That's scary; I was just thinking the same thing. I use numeric_bit conversion and logic functions in my bitwise integer functions. I wonder if simulators have accelerated operations for type bit/ bit_vector? You could just create a package that defines std_logic as a subtype of bit, and std_logic_vector as a subtype of bit_vector or numeric_bit.unsigned. So long as you don't use tri-states, etc. that might work pretty well, and likely be quicker than custom operators that remap 'u'; Initial values would get become '0' automatically. You'd have to re-create rising/falling_edge() if they had been used.

Once upon a time, I wrote a replacement package for an old MVL7/MVL9 package, that created named subtypes of SL & SLV to match their original type names. I can't remember how I handled bit literals though....

I've often thought they should go back and re-define bit as a subtype of std_logic in the language for just this purpose, especially now that std_logic1164 falls under the main 1076 standard.

Andy

Reply to
Andy

Another thought... you mentioned that the code works on the fpga. Maybe you can try to simulate the gate-level netlist. Maybe the design is not too big and a gate-level simulation not be so bad to deal with.

Reply to
fpgabuilder

It's possible to modify std_logic_1164 as you say, it's not all that hard, just a bunch of tables. It's not what you actually should be doing, it doesn't distinguish between uninitialized state holders (registers) and uninitialized inputs.

What you are actually after is getting closure between two different levels of abstraction, a behavioral model and a physical model with or without accurate timing. Being able to compare the two is the equivalent of running input stimulus for the physical model on a chip tester, a timed model where you may put delays on inputs, and may pick sample times on outputs for clock coherent comparison against the abstract model.

For purposes of doing closure in say VHDL, the physical model is done using a primitives library supplied by the FPGA vendor. The generated net list model in VHDL should take care of modeling the actual intialization found in the device. If your two models don't match results you should modify the more abstract one to match initialization after determining that all the difference are significant and that you shouldn't modify how synthesis is done instead. It may be possible to ignore some output based on how long it takes for uninitialized state to clear from providing deterministic input (if possible). The comparison doesn't commence until after so long, or ignores certain output vectors or parts until visible and correct state is propagated from input stimulus. The idea is to prove the logic operates and it works for targeted timing.
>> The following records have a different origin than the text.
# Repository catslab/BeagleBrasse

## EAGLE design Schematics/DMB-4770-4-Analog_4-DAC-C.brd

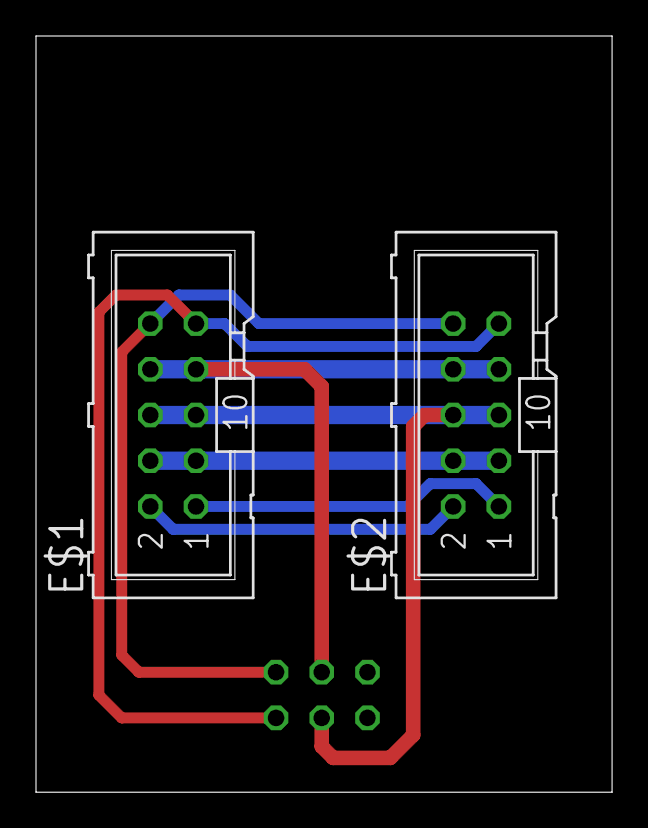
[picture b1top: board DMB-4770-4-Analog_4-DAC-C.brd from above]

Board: 2 copper layers, 32.0 x 42.0 mm, 3 parts (1 on the bottom side), 7 nets.

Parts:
E$1, E$2: ML10
E$3: ML6

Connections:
3V3: E$1.7, E$1.8, E$2.7, E$2.8, E$3.4
5V: E$1.3, E$1.4, E$2.3, E$2.4
GND: E$1.5, E$1.6, E$2.5, E$2.6, E$3.3
S$4: E$1.1, E$2.1
S$5: E$1.2, E$2.2
SCL: E$1.10, E$2.10, E$3.6
SDA: E$1.9, E$2.9, E$3.5

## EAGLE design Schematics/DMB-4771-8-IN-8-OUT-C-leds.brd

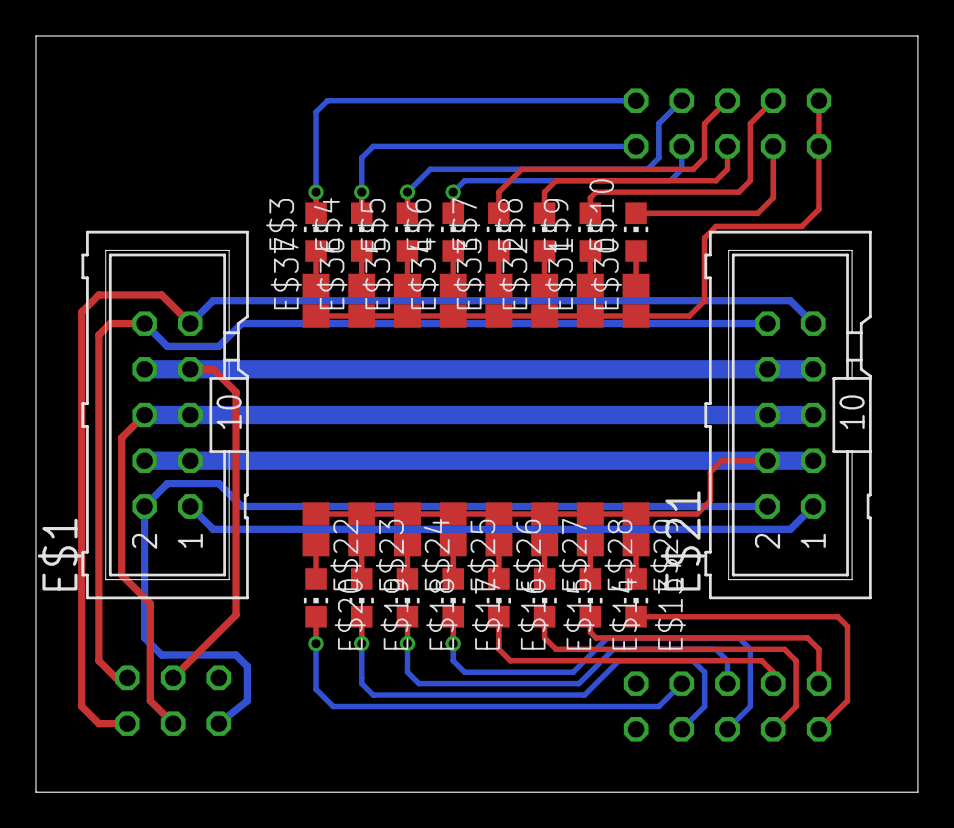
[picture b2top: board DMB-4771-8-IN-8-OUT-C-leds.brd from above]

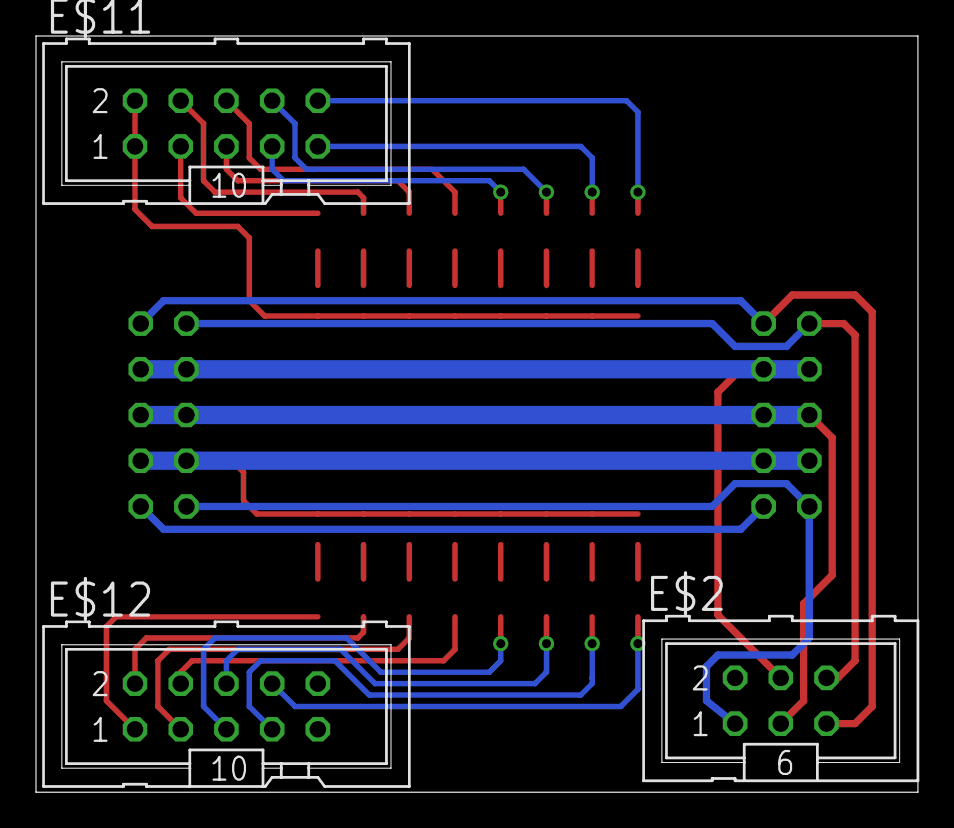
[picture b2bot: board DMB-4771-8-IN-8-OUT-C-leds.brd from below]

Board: 2 copper layers, 49.0 x 42.0 mm, 37 parts (3 on the bottom side), 40 nets.

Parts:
E$1, E$11, E$12, E$21: ML10
E$2: ML6
E$3, E$4, E$5, E$6, E$7, E$8, E$9, E$10, E$13, E$14, E$15, E$16, E$17, E$18, E$19, E$20: CHIP-LED0805
E$22, E$23, E$24, E$25, E$26, E$27, E$28, E$29, E$30, E$31, E$32, E$33, E$34, E$35, E$36, E$37: R0805

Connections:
S$8: E$1.7, E$1.8, E$2.4, E$21.7, E$21.8
S$26: E$1.3, E$1.4, E$21.3, E$21.4, E$22.1, E$23.1, E$24.1, E$25.1, E$26.1, E$27.1, E$28.1, E$29.1
S$27: E$12.8, E$20.C
S$28: E$12.7, E$19.C
S$29: E$12.6, E$18.C
S$34: E$12.5, E$17.C
S$35: E$12.4, E$16.C
S$36: E$12.3, E$15.C
S$37: E$12.2, E$14.C
S$38: E$12.1, E$13.C
S$39: E$20.A, E$22.2
S$40: E$19.A, E$23.2
S$41: E$18.A, E$24.2
S$42: E$17.A, E$25.2
S$43: E$16.A, E$26.2
S$44: E$15.A, E$27.2
S$45: E$14.A, E$28.2
S$46: E$13.A, E$29.2
S$80: E$1.10, E$2.6, E$21.10
S$81: E$3.C, E$11.10
S$83: E$10.A, E$30.2
S$84: E$1.9, E$2.5, E$21.9
S$85: E$9.A, E$31.2
S$86: E$8.A, E$32.2
S$88: E$1.5, E$1.6, E$2.3, E$21.5, E$21.6
S$89: E$7.A, E$33.2
S$90: E$1.2, E$2.1, E$21.2
S$91: E$1.1, E$21.1
S$92: E$6.A, E$34.2
S$93: E$5.A, E$35.2
S$94: E$4.A, E$36.2
S$95: E$3.A, E$37.2
S$96: E$4.C, E$11.9
S$97: E$5.C, E$11.8
S$98: E$6.C, E$11.7
S$99: E$7.C, E$11.6
S$100: E$8.C, E$11.5
S$102: E$9.C, E$11.4
S$103: E$10.C, E$11.3
S$104: E$11.1, E$11.2, E$30.1, E$31.1, E$32.1, E$33.1, E$34.1, E$35.1, E$36.1, E$37.1

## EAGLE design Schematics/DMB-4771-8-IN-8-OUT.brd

This creates an physical implementation dependent behavioral model, implying you should be able to modify it in an agile fashion when re- targeting the physical device. You have a good chance of finding common behavioral initialization for multiple target architectures, or you can modify the test bench (things like pull ups or pull downs on the PCB design) when you see dependencies based on availability of input buffers. Your likely to have to modify the input application times and output sample times in any event.

Reply to
diogratia

Sure. The challenges are twofold: making sure that the changes don't break existing behavioural code, and introducing power-up randomization (see below).

Maybe not; I have used assorted custom multi-valued logic arrangements in the past when I've needed to, but that's not the point at issue here.

just to set the record straight, *I'm* not after anything at all; the OP posed a slightly odd problem in which he's not able or willing to modify some original source code, even though that's what he really needs to do.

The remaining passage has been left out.